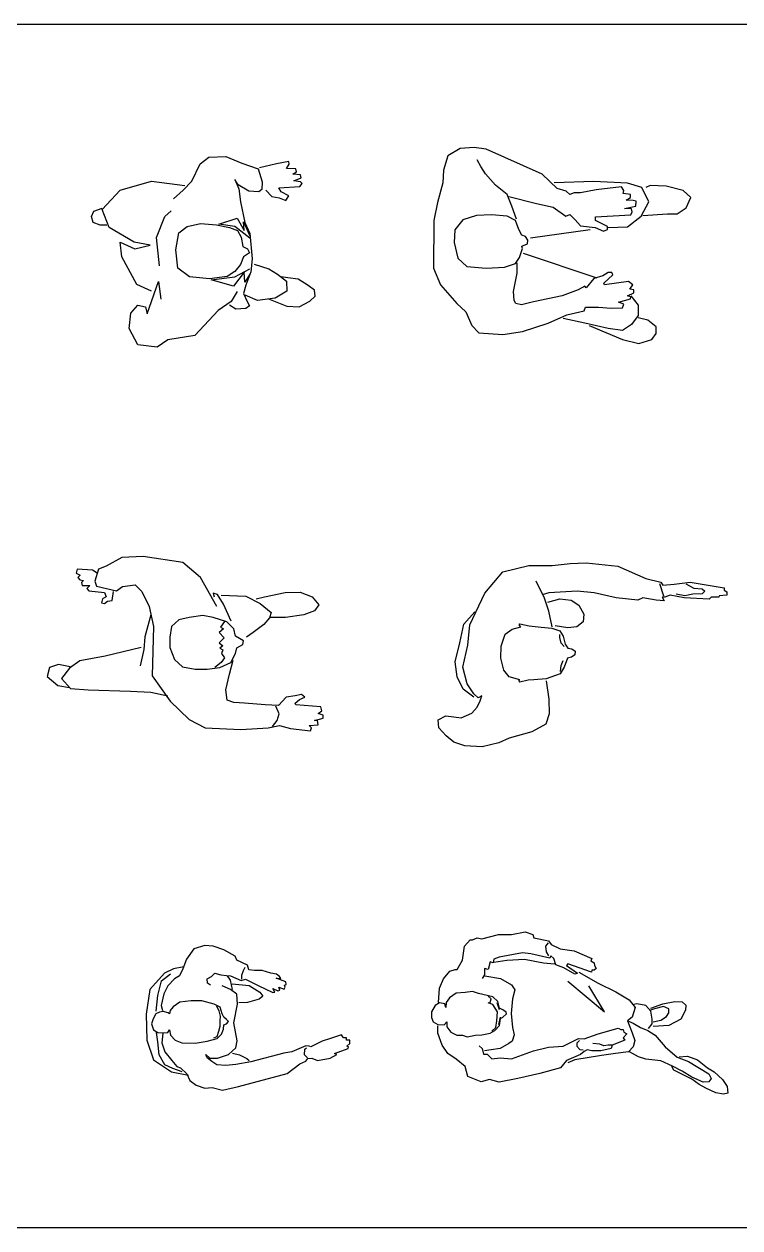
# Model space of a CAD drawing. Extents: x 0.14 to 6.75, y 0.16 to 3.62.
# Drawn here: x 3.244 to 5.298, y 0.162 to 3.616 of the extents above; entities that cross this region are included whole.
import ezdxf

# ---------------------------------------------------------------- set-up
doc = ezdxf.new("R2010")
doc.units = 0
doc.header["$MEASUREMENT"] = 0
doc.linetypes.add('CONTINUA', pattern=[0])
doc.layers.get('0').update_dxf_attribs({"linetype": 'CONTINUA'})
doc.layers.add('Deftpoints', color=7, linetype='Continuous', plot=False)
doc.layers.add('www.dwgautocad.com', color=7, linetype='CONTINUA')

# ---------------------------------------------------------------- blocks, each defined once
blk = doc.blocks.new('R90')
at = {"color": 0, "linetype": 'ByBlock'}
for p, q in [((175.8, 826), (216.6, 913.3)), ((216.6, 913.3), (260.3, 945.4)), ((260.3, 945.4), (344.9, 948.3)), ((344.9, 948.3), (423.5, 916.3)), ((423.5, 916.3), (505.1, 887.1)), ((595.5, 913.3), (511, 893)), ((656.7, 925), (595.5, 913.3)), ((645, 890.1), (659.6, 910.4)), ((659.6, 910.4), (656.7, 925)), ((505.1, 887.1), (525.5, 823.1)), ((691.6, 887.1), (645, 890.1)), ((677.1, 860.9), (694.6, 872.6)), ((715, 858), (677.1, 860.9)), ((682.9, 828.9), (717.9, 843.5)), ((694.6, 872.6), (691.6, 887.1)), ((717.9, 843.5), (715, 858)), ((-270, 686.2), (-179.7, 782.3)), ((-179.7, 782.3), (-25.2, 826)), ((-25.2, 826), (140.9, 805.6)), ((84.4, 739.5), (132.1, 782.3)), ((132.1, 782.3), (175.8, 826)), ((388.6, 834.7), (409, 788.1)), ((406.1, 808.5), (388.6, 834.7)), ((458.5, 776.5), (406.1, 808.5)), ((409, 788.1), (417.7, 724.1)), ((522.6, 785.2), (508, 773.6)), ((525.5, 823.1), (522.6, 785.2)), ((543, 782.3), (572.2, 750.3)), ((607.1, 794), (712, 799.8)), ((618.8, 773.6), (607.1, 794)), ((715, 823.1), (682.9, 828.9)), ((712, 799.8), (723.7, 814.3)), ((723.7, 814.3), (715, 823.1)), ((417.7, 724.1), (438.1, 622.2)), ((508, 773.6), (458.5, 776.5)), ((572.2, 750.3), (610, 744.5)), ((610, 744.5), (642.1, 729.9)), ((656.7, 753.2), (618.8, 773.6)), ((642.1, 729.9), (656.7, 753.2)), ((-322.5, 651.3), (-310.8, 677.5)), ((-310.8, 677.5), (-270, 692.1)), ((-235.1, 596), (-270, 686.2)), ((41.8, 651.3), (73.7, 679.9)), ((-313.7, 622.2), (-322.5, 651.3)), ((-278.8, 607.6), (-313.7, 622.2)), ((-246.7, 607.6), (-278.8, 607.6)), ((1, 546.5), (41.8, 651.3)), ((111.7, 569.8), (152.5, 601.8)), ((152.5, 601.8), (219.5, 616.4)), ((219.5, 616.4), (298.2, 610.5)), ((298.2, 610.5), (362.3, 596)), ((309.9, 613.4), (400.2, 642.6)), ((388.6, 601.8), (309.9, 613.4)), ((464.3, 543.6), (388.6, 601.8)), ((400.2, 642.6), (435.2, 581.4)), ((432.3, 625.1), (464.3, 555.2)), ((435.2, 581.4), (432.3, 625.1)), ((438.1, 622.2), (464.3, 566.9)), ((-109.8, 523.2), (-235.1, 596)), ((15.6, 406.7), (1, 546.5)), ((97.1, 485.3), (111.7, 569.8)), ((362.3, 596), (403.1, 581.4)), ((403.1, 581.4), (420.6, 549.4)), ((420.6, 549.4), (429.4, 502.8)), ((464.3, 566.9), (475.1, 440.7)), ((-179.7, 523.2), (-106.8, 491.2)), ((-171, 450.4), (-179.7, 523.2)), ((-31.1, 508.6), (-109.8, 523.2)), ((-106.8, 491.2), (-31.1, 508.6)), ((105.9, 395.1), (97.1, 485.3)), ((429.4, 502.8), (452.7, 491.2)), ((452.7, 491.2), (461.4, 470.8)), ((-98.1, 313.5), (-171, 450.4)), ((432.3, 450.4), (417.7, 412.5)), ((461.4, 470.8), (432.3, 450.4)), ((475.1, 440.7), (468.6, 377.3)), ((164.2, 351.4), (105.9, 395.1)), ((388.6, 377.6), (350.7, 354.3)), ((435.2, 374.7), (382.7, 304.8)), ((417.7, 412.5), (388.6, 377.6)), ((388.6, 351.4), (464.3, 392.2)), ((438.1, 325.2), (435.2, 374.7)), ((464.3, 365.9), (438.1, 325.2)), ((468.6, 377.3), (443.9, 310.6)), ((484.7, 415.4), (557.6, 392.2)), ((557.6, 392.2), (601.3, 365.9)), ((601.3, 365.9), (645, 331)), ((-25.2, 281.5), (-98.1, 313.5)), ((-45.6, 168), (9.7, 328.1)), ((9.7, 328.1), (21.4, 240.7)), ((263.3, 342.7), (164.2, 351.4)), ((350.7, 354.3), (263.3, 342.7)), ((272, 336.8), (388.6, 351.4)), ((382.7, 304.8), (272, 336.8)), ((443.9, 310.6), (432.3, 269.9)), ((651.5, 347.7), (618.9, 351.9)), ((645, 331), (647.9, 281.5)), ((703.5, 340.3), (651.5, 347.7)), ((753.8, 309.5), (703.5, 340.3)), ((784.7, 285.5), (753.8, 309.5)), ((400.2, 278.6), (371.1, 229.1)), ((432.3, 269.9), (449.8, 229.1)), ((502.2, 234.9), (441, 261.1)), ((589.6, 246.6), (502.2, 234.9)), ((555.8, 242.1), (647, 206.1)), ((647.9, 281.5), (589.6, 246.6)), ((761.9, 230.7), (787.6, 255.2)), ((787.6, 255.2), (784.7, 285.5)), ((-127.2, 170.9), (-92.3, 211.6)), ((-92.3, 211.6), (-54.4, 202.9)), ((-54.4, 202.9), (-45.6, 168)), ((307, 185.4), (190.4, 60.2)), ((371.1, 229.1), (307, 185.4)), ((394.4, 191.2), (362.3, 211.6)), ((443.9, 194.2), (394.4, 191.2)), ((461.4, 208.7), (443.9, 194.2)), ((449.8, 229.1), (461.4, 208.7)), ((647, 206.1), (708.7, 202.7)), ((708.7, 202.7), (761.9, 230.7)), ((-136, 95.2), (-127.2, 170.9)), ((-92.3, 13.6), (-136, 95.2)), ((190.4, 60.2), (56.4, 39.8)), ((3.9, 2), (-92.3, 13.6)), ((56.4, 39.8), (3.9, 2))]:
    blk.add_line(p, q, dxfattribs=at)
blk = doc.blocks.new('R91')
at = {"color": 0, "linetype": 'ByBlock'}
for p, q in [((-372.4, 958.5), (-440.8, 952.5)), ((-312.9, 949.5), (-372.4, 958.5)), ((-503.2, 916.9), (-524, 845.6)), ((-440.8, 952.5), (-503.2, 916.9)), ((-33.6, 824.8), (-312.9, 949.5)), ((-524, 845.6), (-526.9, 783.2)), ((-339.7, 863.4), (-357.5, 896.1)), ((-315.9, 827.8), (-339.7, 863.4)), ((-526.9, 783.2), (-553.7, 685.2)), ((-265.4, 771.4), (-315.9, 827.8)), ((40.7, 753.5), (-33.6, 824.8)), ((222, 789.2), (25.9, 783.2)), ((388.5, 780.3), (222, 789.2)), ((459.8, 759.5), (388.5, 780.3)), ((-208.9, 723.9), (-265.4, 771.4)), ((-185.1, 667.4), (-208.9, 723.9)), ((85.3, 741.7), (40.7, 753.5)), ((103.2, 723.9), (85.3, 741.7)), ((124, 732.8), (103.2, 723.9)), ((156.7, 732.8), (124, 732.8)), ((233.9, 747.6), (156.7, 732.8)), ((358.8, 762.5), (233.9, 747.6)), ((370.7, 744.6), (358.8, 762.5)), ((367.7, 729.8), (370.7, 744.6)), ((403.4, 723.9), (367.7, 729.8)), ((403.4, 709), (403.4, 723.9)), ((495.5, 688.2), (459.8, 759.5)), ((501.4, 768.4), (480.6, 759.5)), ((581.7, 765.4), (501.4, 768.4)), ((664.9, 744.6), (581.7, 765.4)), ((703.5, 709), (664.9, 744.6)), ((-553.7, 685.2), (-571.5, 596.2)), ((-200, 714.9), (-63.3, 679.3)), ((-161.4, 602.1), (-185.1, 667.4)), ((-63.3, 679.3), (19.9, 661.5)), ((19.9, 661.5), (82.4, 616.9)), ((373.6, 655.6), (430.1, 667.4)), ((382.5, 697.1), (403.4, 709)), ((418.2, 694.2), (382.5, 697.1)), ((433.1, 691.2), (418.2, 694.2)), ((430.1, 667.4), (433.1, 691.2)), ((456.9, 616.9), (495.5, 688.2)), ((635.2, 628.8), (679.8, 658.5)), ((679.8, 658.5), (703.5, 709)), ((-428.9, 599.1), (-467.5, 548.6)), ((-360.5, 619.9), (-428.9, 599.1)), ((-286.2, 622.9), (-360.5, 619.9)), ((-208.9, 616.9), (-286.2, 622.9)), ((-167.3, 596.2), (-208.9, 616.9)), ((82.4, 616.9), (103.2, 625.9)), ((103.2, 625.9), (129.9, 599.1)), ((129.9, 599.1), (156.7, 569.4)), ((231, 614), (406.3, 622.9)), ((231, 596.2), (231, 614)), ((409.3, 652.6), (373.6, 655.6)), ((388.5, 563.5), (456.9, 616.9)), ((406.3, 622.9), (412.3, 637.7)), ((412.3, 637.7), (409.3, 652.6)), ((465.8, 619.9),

WHAT YOU WILL DO |
Only the number is wanted: how many lines above include the word "CONTINUA"?

RESPONSE BOX |
3